La vida me ha enseñado a ser prudente. Confieso que a base de muchos varapalos, porque normalmente mi pasión va más rápida que mi cerebro.
Eso me pone a pensar en cómo esta sociedad nos obliga a ajustarnos para encajar. No quiero usar la palabra cambiar, más bien es sobrevivir. Veo, por ejemplo, a mi hijo, a quien a veces le cuesta hacer lo que hacen los demás. Yo le motivo a integrarse por el hecho de que sociabilice, pero me queda el resquemor de si hago o no lo adecuado.
Somos seres sociales, es verdad, pero… ¿debemos repetir para ser aceptados?, ¿debemos ir en contra de lo que somos para no ser dejados de lado? Dirán que la respuesta está en los valores, principios y demás. Pero a veces son cosas tan sutiles, tan poco medibles, que no es tan fácil discernir el camino.
Los grandes avances han venido precedidos de personas que se han salido de la norma en la mayoría de los casos.

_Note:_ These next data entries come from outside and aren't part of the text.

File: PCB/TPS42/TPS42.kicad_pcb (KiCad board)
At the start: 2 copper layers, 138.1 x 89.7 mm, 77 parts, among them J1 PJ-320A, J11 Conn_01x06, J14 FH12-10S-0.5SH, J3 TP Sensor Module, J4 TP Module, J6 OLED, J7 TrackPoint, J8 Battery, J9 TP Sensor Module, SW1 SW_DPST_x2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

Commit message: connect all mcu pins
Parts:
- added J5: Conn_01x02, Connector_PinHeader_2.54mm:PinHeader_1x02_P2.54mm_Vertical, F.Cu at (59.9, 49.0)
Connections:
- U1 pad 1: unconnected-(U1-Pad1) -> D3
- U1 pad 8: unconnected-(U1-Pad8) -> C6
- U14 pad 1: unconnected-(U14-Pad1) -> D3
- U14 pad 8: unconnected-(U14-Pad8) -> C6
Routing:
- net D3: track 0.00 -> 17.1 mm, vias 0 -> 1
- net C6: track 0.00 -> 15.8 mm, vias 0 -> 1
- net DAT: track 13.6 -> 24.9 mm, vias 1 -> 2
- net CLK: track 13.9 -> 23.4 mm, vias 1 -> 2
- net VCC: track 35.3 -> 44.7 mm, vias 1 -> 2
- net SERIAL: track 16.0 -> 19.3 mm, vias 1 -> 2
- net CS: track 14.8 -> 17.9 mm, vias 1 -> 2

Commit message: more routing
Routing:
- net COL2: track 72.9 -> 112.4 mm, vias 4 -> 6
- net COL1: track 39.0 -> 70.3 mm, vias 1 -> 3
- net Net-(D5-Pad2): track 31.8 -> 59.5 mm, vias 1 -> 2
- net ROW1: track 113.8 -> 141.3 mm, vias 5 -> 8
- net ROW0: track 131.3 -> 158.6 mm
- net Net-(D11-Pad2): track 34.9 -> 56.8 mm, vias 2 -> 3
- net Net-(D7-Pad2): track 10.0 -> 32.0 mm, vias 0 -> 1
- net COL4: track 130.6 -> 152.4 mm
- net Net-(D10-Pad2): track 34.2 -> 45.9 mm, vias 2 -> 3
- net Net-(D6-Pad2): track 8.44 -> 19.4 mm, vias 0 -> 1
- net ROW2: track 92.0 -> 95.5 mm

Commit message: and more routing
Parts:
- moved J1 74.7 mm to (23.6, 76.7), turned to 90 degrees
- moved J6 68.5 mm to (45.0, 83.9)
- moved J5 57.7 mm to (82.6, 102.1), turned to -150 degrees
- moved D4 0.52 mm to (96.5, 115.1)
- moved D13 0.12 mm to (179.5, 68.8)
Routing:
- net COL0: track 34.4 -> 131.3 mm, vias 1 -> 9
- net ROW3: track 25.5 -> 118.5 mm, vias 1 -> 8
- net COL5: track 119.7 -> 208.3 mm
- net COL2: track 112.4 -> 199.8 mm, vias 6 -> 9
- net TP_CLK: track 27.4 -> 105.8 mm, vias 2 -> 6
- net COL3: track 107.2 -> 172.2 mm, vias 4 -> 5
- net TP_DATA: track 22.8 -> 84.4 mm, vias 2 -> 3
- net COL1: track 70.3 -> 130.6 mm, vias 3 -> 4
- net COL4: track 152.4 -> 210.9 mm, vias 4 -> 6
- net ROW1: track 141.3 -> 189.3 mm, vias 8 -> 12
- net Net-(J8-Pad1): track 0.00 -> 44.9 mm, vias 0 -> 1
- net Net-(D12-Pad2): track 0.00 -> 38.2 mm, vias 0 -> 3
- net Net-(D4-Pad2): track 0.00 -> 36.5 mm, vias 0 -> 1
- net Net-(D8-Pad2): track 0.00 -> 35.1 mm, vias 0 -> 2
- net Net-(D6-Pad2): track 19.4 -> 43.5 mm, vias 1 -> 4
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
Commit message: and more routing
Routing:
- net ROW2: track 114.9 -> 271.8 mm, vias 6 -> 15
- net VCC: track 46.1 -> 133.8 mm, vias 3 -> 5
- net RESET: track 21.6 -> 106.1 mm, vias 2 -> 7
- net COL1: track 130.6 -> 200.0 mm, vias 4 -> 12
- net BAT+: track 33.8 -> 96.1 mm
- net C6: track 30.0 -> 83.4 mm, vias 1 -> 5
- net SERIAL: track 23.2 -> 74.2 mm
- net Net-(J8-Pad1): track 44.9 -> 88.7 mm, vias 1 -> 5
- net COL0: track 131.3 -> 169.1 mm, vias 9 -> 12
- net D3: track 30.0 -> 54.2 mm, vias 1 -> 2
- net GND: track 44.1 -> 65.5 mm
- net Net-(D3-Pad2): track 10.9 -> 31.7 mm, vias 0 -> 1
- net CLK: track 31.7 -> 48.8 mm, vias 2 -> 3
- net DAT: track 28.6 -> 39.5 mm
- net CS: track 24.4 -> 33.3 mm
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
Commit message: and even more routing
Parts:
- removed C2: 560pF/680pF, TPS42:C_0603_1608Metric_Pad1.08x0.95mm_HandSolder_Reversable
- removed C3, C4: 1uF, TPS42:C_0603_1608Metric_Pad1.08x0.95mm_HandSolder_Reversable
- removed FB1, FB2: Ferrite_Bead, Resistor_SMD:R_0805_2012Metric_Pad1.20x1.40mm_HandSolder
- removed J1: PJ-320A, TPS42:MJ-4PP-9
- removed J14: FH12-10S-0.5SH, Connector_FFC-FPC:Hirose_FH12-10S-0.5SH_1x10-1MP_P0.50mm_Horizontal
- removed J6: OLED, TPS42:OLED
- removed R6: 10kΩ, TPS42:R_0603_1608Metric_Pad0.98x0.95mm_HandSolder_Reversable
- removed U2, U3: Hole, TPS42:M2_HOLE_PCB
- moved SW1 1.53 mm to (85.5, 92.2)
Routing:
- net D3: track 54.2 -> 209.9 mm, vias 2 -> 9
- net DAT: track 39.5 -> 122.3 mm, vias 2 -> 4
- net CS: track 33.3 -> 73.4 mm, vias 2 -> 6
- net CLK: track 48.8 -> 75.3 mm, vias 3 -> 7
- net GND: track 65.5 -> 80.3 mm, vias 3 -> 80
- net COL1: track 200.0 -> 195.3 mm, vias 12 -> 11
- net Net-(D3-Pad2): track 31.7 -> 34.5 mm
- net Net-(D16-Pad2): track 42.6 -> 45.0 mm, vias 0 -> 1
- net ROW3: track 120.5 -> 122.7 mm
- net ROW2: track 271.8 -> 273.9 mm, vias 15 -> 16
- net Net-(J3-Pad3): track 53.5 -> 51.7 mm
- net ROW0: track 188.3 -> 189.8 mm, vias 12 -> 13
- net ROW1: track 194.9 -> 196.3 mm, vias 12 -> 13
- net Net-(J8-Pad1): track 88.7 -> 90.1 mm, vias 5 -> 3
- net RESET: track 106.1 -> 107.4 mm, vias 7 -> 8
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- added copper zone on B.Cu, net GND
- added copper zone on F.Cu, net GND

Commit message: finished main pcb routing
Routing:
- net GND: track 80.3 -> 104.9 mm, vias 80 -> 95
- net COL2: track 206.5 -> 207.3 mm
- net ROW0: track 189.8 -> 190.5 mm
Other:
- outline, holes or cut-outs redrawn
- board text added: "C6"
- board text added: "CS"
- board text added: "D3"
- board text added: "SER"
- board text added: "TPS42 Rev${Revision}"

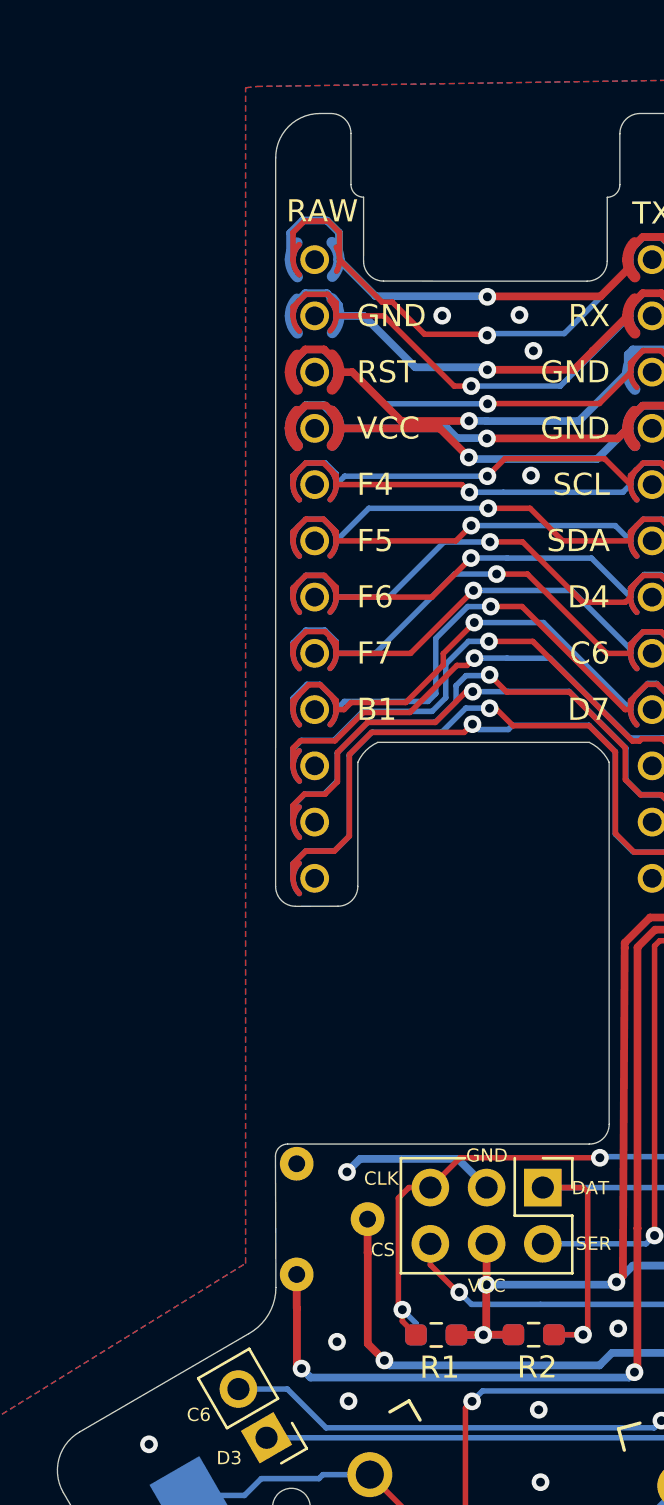
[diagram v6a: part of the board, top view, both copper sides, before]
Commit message: Added oled/trrs shield
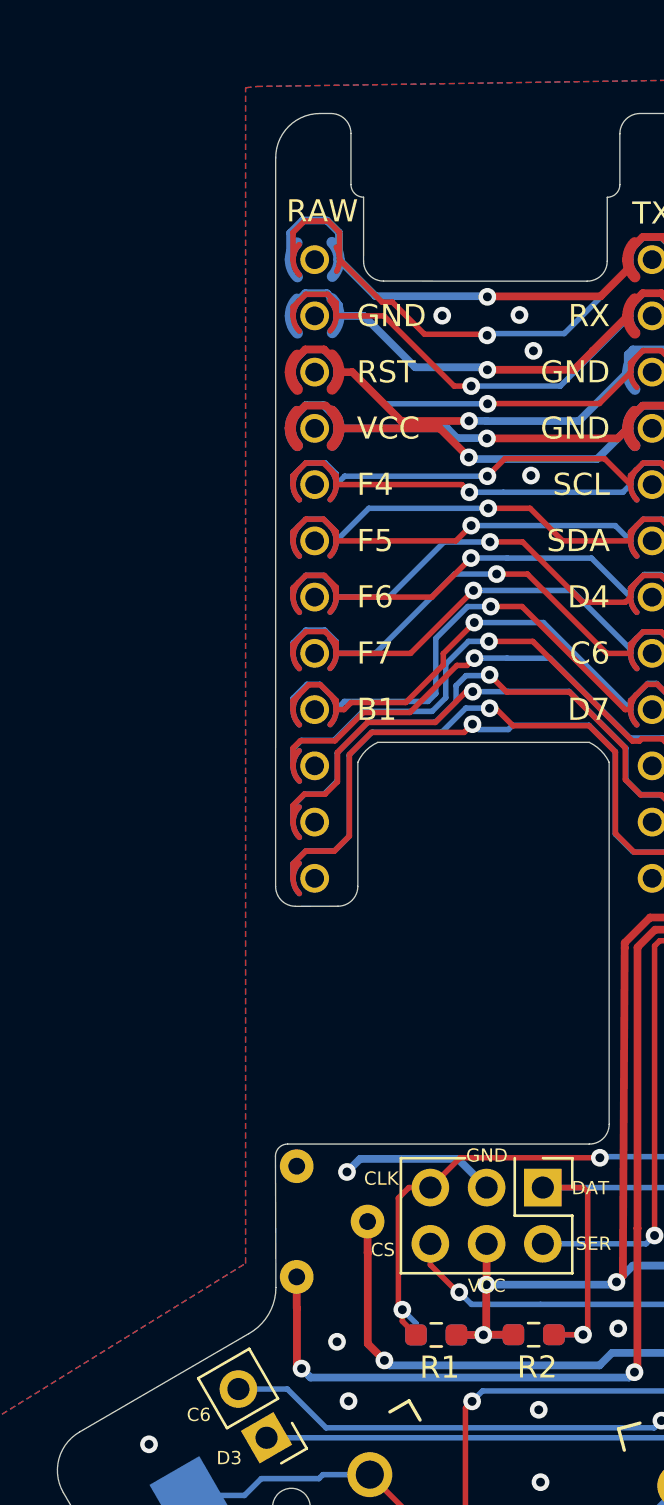
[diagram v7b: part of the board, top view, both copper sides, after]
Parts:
- moved SW1 0.11 mm to (85.5, 92.3)
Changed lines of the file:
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@@
   )
   (footprint "TPS42:SW-TH_3P-L9.1-W3.5-P2.50-S3.20-A3" (layer "B.Cu")
-    (at 85.54 92.18 90)
+    (at 85.54 92.29 90)
     (property "Sheetfile" "TPS42.kicad_sch")
     (property "Sheetname" "")
@@
   (gr_line (start 159.28 40.25) (end 173.275786 40.244214) (layer "Edge.Cuts") (width 0.05))
   (gr_arc (start 192.765494 88.07) (mid 191.363961 86.24) (end 192.765494 84.41) (layer "Edge.Cuts") (width 0.05))
-  (gr_line (start 86.39 43.16) (end 86.39 45.46) (layer "Edge.Cuts") (width 0.05))
+  (gr_line (start 86.39 43.150001) (end 86.39 45.46) (layer "Edge.Cuts") (width 0.05))
   (gr_line (start 84.990001 42.250001) (end 85.49 42.250001) (layer "Edge.Cuts") (width 0.05))
   (gr_line (start 138.535685 93.23) (end 174.474315 93.23) (layer "Edge.Cuts") (width 0.05))
@@
     (effects (font (size 0.6 0.6) (thickness 0.1)))
   )
-  (gr_text "D3" (at 80.89 102.97) (layer "F.SilkS")
-    (effects (font (size 0.6 0.6) (thickness 0.1)))
-  )
   (gr_text "4" (at 155.2 89.63) (layer "F.SilkS")
     (effects (font (size 1 1) (thickness 0.15)))
@@
   )
   (gr_text "DAT" (at 134.25 94.68 90) (layer "F.SilkS")
+    (effects (font (size 0.6 0.6) (thickness 0.1)))
+  )
+  (gr_text "D3" (at 80.89 102.97) (layer "F.SilkS")
     (effects (font (size 0.6 0.6) (thickness 0.1)))
   )
@@
   (via (at 106 52.64) (size 0.8) (drill 0.4) (layers "F.Cu" "B.Cu") (free) (net 28))
   (via (at 107.27 59.85) (size 0.8) (drill 0.4) (layers "F.Cu" "B.Cu") (free) (net 28))
+  (via (at 94.52 58.6) (size 0.8) (drill 0.4) (layers "F.Cu" "B.Cu") (free) (net 28))
   (via (at 143.02 52.24) (size 0.8) (drill 0.4) (layers "F.Cu" "B.Cu") (free) (net 28))
   (via (at 132.99 60.53) (size 0.8) (drill 0.4) (layers "F.Cu" "B.Cu") (free) (net 28))
@@
   (via (at 143.03 88.18) (size 0.8) (drill 0.4) (layers "F.Cu" "B.Cu") (free) (net 28))
   (via (at 115.84 100.69) (size 0.8) (drill 0.4) (layers "F.Cu" "B.Cu") (free) (net 28))
-  (via (at 94.52 58.6) (size 0.8) (drill 0.4) (layers "F.Cu" "B.Cu") (free) (net 28))
   (via (at 139.84 67.54) (size 0.8) (drill 0.4) (layers "F.Cu" "B.Cu") (free) (net 28))
   (via (at 86.21 90.05) (size 0.8) (drill 0.4) (layers "F.Cu" "B.Cu") (free) (net 28))
@@
   (segment (start 122.23 90.4) (end 122.23 94.89) (width 0.35) (layer "F.Cu") (net 32))
   (segment (start 122.23 94.89) (end 121.9 95.22) (width 0.35) (layer "F.Cu") (net 32))
-  (segment (start 87.14 93.7) (end 87.14 92.18) (width 0.35) (layer "F.Cu") (net 32))
+  (segment (start 87.9 98.56) (end 87.15 97.81) (width 0.35) (layer "F.Cu") (net 32))
+  (segment (start 87.14 93.7) (end 87.14 92.29) (width 0.35) (layer "F.Cu") (net 32))
+  (segment (start 87.15 93.71) (end 87.14 93.7) (width 0.35) (layer "F.Cu") (net 32))
   (segment (start 87.15 97.81) (end 87.15 93.71) (width 0.35) (layer "F.Cu") (net 32))
-  (segment (start 87.9 98.56) (end 87.15 97.81) (width 0.35) (layer "F.Cu") (net 32))
-  (segment (start 87.15 93.71) (end 87.14 93.7) (width 0.35) (layer "F.Cu") (net 32))
   (via (at 87.9 98.56) (size 0.8) (drill 0.4) (layers "F.Cu" "B.Cu") (net 32))
   (via (at 122.23 90.4) (size 0.8) (drill 0.4) (layers "F.Cu" "B.Cu") (net 32))
@@
   (segment (start 101.895 75.18) (end 110.87 75.18) (width 0.25) (layer "B.Cu") (net 40))
   (segment (start 187.20952 76.53952) (end 198.84048 76.53952) (width 0.25) (layer "B.Cu") (net 40))
-  (segment (start 83.94 96.2) (end 83.94 94.68) (width 0.35) (layer "F.Cu") (net 41))
+  (segment (start 83.94 96.2) (end 83.94 94.79) (width 0.35) (layer "F.Cu") (net 41))
   (segment (start 101.732943 79.10952) (end 100.124052 79.10952) (width 0.35) (layer "F.Cu") (net 41))
   (segment (start 98.89 49.28) (end 98.89 48.85) (width 0.35) (layer "F.Cu") (net 41))
+  (segment (start 83.95 96.21) (end 83.94 96.2) (width 0.35) (layer "F.Cu") (net 41))
   (segment (start 99.33 79.903572) (end 99.33 92.594675) (width 0.35) (layer "F.Cu") (net 41))
-  (segment (start 83.95 98.72) (end 84.16 98.93) (width 0.35) (layer "F.Cu") (net 41))
   (segment (start 98.89 48.501122) (end 99.565633 47.825489) (width 0.35) (layer "F.Cu") (net 41))
   (segment (start 99.193062 99.092734) (end 99.3 99.04) (width 0.35) (layer "F.Cu") (net 41))
   (segment (start 99.325489 92.599186) (end 99.325489 98.960307) (width 0.35) (layer "F.Cu") (net 41))
   (segment (start 100.455489 47.825489) (end 101.09 48.46) (width 0.35) (layer "F.Cu") (net 41))
-  (segment (start 83.95 96.21) (end 83.95 98.72) (width 0.35) (layer "F.Cu") (net 41))
   (segment (start 99.325489 98.960307) (end 99.193062 99.092734) (width 0.35) (layer "F.Cu") (net 41))
   (segment (start 101.09 48.46) (end 101.09 48.85) (width 0.35) (layer "F.Cu") (net 41))
   (segment (start 92.57 50.51) (end 97.66 50.51) (width 0.35) (layer "F.Cu") (net 41))
   (segment (start 99.33 92.594675) (end 99.325489 92.599186) (width 0.35) (layer "F.Cu") (net 41))
-  (segment (start 83.95 96.21) (end 83.94 96.2) (width 0.35) (layer "F.Cu") (net 41))
+  (segment (start 84.16 98.93) (end 83.95 98.72) (width 0.35) (layer "F.Cu") (net 41))
   (segment (start 99.565633 47.825489) (end 100.455489 47.825489) (width 0.35) (layer "F.Cu") (net 41))
+  (segment (start 83.95 98.72) (end 83.95 96.21) (width 0.35) (layer "F.Cu") (net 41))
   (segment (start 103.134031 50.894031) (end 103.13403 77.708433) (width 0.35) (layer "F.Cu") (net 41))
   (segment (start 103.13403 77.708433) (end 101.732943 79.10952) (width 0.35) (layer "F.Cu") (net 41))

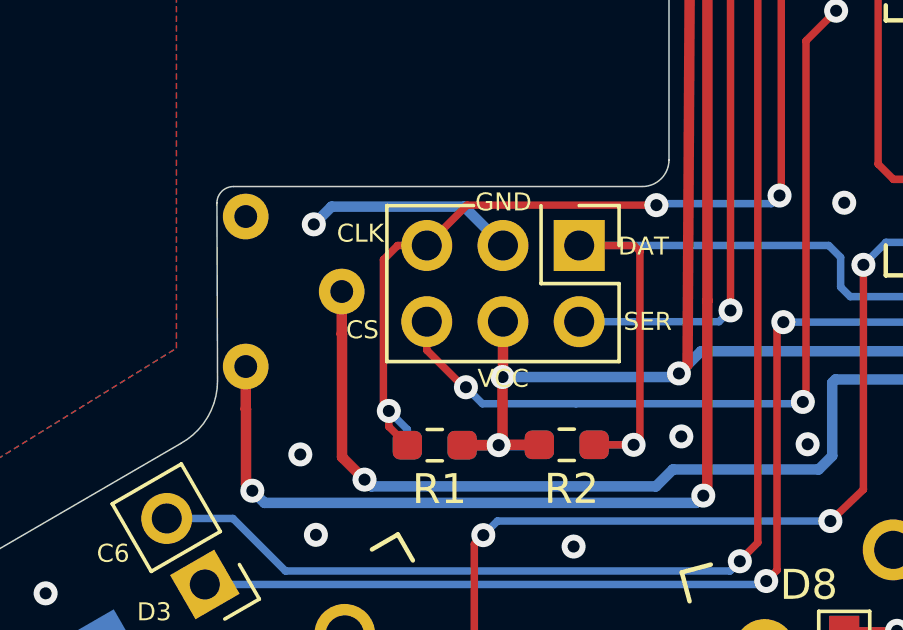
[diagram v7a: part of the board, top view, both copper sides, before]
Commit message: center shield pins with mcu
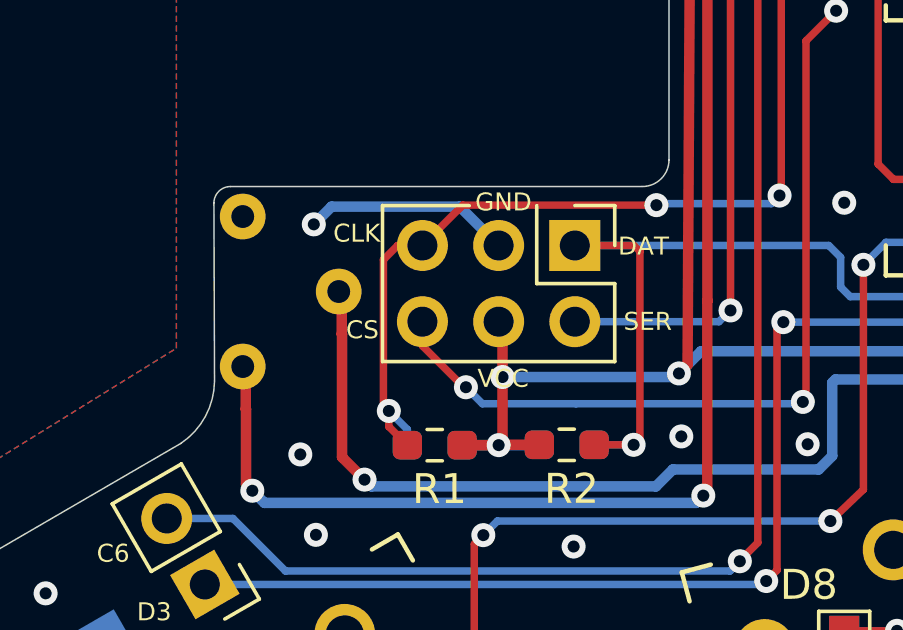
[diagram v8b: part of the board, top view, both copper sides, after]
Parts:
- moved J11 0.15 mm to (94.9, 90.8)
- moved SW1 0.10 mm to (85.4, 92.3)
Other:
- outline, holes or cut-outs redrawn

Pero se juzga a quien es diferente, se le sentencia y hasta se le aisla. No quiero eso para mi hijo, pero tampoco quiero apagar su esencia. Es algo para lo que todavía no tengo respuesta.
Intento equilibrar en función de aquello que entiendo es mejor para él y, claro está, le dejo decidir también. Pero mirando hacia adentro y recordando cómo era y cómo soy me doy cuenta que al final tengo mucho de la niña y mucho de la adulta, que he dejado sueños como sueños y metas que no creo que alcance, pero también he logrado muchas otras cosas.
Sigo sintiendo que tengo mucho que aprender y por lo que luchar, pero sobre todo que los cambios han sido positivos, hasta los negativos. Al final, eso es lo que cuenta.